Im looking for a reel to do it all. Troll, live bait and some light bottom fishing.

Ive decided to use Ugly Stick Tiger Lite Jigging rods. I have one and LOVE it. Its cheap, jigs well enough, can put enough pressure on bottom fish when bottom fishing with it, throws a jig or tosses a live bait fairly well and works just fine for trolling from the yaks.

The reels Im considering:

Penn Spinfisher V

Pros: 
Sealed up, very important on a kayak
Good drag capabilities
Fast Retrieve

Cons:
No proven track record, based with personal experience with a Battle Im leery of newer non American made Penns

Fin-Nor OFS

Pro:
Strongest - on paper - drag capabilities out of any of the other reels
Fastest retrieve

Cons:
Super heavy, big issue on a yak IMO

Shimano Spheros:

Pros: 
Excellent track record
Cons:
Lighter drag capabilities
Slower retrieve

I personally have a Penn Spinfisher V and so far I am REALLY happy with it. Ive whipped my second largest snapper on it and I had the dumbest dolphin known to man eat one of my jigs :blink: and really put the reel to the test. Only issue with it is that its new and only time will tell how it would hold up. Plus my experience with one of my Battles has left me a little sour with Penn. Then again I had a Sahara blow up on a Hardtail so....
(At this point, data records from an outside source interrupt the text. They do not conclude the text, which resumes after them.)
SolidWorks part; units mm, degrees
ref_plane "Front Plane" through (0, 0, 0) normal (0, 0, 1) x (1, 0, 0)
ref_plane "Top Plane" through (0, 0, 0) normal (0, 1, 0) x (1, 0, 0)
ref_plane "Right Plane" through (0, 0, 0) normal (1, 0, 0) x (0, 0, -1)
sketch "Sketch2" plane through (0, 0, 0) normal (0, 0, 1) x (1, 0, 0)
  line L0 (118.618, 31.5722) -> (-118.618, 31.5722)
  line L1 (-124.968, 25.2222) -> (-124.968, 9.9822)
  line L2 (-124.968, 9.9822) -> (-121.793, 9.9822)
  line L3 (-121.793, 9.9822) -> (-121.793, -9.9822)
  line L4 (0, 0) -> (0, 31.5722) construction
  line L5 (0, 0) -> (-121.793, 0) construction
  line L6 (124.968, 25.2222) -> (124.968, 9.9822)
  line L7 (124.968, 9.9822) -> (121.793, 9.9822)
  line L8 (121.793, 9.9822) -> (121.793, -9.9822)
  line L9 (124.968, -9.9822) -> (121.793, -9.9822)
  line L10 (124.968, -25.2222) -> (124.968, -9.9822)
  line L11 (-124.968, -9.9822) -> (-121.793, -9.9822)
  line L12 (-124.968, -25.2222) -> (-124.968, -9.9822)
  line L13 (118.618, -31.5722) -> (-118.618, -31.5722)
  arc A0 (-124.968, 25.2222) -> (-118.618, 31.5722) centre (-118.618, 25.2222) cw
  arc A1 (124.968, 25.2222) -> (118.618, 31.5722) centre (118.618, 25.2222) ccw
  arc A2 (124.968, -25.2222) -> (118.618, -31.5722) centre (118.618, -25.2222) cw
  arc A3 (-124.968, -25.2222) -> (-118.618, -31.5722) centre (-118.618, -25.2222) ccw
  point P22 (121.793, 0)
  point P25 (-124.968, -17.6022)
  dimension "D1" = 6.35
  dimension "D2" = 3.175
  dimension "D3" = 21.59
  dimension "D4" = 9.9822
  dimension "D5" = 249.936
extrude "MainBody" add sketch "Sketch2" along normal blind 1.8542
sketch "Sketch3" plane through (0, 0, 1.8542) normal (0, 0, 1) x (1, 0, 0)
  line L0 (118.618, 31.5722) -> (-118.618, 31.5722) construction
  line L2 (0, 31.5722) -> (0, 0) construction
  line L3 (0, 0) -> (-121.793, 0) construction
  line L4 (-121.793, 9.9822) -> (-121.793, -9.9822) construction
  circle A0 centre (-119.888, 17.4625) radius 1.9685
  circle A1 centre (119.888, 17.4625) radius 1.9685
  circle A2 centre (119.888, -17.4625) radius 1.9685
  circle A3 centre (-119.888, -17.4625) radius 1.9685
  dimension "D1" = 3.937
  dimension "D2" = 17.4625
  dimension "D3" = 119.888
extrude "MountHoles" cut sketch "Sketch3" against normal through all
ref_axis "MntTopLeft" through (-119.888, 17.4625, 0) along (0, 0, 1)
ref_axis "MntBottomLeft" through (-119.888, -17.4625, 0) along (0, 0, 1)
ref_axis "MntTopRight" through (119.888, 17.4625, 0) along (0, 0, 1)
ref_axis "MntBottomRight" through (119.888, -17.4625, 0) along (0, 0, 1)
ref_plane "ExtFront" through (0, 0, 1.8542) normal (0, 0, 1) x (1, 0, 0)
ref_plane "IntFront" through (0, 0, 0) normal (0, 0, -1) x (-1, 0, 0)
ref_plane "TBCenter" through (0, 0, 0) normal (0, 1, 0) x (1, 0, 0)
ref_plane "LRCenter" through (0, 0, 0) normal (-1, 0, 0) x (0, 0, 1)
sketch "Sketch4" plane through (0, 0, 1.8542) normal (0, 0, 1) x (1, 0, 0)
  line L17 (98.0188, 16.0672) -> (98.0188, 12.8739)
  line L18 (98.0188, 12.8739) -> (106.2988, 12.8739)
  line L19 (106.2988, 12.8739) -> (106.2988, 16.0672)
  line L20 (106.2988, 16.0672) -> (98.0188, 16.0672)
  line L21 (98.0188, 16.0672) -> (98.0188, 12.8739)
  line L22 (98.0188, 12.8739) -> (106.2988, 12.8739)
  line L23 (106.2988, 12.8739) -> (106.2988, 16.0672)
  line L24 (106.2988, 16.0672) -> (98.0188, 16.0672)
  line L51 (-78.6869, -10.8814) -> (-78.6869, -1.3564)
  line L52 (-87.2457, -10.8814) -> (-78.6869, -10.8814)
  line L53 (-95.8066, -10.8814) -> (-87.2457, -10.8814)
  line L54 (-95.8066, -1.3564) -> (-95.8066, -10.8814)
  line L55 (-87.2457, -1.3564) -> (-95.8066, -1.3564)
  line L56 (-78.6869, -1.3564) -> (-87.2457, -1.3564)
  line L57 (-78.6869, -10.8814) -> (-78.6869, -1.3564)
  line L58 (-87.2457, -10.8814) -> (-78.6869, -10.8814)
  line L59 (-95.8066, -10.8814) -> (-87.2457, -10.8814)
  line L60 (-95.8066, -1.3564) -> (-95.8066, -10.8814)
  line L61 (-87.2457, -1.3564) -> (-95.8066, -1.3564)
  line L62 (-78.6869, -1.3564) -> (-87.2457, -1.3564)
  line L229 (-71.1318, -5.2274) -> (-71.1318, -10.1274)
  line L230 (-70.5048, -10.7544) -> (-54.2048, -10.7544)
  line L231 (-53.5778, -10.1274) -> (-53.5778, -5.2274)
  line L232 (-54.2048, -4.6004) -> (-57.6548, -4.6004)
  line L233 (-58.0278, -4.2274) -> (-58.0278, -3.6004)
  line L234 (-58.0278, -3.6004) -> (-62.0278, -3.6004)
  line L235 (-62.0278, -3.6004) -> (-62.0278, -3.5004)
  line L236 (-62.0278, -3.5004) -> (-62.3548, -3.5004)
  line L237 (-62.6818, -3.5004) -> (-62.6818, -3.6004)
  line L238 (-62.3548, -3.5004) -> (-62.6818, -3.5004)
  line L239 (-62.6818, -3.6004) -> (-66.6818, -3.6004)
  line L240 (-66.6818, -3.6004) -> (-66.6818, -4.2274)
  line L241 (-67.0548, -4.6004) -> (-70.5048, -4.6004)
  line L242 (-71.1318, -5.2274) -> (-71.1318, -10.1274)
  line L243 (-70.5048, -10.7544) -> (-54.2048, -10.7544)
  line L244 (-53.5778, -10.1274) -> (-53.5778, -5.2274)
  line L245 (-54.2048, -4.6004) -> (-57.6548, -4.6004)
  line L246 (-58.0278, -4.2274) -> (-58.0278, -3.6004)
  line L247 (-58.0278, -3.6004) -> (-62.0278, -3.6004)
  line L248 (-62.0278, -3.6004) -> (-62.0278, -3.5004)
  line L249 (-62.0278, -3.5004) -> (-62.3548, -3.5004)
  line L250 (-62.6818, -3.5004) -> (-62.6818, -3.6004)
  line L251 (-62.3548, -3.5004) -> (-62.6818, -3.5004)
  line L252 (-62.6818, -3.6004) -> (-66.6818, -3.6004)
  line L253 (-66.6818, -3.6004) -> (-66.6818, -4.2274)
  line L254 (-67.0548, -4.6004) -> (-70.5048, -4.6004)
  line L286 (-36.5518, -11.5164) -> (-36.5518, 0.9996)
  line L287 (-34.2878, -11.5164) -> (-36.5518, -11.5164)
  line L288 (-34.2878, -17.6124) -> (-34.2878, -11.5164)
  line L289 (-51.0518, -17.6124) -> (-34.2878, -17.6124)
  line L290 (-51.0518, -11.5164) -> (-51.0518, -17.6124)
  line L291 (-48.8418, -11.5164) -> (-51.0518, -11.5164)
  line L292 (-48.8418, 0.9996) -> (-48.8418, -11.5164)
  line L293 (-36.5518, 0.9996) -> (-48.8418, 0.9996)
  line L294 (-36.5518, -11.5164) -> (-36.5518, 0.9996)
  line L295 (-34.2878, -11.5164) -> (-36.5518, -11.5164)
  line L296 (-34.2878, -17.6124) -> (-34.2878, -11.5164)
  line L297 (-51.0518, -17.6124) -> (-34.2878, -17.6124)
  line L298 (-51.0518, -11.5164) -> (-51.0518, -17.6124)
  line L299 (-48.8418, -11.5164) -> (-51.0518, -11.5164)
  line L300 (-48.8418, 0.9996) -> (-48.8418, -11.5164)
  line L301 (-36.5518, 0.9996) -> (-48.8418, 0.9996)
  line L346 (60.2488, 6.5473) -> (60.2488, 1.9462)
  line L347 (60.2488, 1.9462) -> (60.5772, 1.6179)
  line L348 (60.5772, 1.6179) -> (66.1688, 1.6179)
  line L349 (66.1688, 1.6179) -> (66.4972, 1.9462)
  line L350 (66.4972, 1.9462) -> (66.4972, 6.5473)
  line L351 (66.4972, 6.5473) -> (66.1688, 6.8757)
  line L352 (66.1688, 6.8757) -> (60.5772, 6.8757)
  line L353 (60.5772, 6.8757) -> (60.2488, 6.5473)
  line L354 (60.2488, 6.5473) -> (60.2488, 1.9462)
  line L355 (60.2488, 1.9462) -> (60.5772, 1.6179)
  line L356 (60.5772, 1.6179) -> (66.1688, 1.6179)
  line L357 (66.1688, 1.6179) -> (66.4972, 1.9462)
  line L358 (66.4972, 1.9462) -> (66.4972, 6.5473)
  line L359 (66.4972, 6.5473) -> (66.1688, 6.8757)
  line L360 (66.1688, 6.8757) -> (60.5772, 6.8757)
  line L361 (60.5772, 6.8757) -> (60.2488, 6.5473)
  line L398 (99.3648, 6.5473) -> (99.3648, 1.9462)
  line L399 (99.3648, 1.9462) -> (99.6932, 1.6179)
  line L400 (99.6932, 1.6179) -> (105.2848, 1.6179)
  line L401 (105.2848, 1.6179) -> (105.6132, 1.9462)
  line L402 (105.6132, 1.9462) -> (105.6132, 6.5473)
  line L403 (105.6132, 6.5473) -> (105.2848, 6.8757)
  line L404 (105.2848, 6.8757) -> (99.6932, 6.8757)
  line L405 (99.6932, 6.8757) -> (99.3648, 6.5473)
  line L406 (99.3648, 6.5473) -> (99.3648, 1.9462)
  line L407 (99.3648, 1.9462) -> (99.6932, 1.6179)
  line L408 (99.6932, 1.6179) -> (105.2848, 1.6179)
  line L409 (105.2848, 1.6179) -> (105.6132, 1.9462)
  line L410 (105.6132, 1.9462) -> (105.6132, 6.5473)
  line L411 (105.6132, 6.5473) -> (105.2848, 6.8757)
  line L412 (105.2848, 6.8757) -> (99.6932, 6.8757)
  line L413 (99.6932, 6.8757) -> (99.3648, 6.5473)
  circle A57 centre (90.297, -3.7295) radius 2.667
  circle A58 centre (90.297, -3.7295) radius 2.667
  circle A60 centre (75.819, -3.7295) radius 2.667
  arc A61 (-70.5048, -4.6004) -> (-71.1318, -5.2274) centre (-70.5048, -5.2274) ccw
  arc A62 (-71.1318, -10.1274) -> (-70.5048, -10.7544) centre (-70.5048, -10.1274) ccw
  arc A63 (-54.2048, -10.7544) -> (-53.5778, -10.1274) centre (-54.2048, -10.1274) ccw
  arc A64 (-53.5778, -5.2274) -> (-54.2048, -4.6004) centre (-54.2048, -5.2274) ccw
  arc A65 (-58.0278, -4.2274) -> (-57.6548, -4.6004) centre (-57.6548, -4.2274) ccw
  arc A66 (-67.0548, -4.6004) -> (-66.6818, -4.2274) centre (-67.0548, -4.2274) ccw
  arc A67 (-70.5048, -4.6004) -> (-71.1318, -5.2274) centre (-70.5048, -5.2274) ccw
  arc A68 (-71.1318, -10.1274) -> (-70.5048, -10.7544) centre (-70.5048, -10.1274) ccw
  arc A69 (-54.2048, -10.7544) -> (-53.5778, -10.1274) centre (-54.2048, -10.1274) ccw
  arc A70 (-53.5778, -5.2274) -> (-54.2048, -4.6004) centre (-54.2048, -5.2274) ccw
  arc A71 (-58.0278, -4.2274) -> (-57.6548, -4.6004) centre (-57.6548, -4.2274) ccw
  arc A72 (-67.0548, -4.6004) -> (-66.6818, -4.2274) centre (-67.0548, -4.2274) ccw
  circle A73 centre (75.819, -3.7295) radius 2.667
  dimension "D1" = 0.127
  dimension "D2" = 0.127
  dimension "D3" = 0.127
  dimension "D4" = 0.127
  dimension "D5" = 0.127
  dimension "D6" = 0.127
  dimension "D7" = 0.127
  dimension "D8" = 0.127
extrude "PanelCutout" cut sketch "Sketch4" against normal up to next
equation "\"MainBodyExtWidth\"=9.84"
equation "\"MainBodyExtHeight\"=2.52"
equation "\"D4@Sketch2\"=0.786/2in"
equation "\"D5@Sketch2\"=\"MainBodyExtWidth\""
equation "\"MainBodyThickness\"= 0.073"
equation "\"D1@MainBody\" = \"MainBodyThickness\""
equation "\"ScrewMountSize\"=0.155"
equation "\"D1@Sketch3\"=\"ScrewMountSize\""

Anyhow, what do yall think? Any input from PERSONAL experience with these reels or any other reel suggestions would be highly appreciated. Remember these reels will be used and abused on a kayak out in the Gulf and will be tangling with anything from mahi mahi to grouper.


----------



## rufus1138 (Oct 29, 2012)

I've got that spheros on an ugly stick classic that I showed u this weekend man...it handled 40# ish bull reds back to back as quick as we could put bait in the water on Christmas eve and I couldn't have asked for a better performance...stopped em cold on their first runs and the drag is buttery smooth...mine is a 5k but I can definitely say that I put the test on it that night and the spheros is an excellent platform to work with....when we come over for that fishing trip ill let you test it out in ur home turf


----------



## southern yakker (Jun 25, 2012)

I have a spinfisher v and I'm loving it so far. I have handled some nice bull reds on it so far and its still as smooth as when I got it. I'm not sure how it will hold up over the years but it seems like a pretty sturdy reel.


----------



## Fishermon (Oct 19, 2007)

I'm considering buying another set of okumas cj's 'cedros' they are only 100 bucks and I am really sold to their performance. I fished shimano (frozed a few times) saltist daiwa, bail broke in half, bait runners , same thing...all are/were fresh water rinsed after each trip...the okuma cedros still smooth (two seasons), other than discoloration...not bad for the price imo.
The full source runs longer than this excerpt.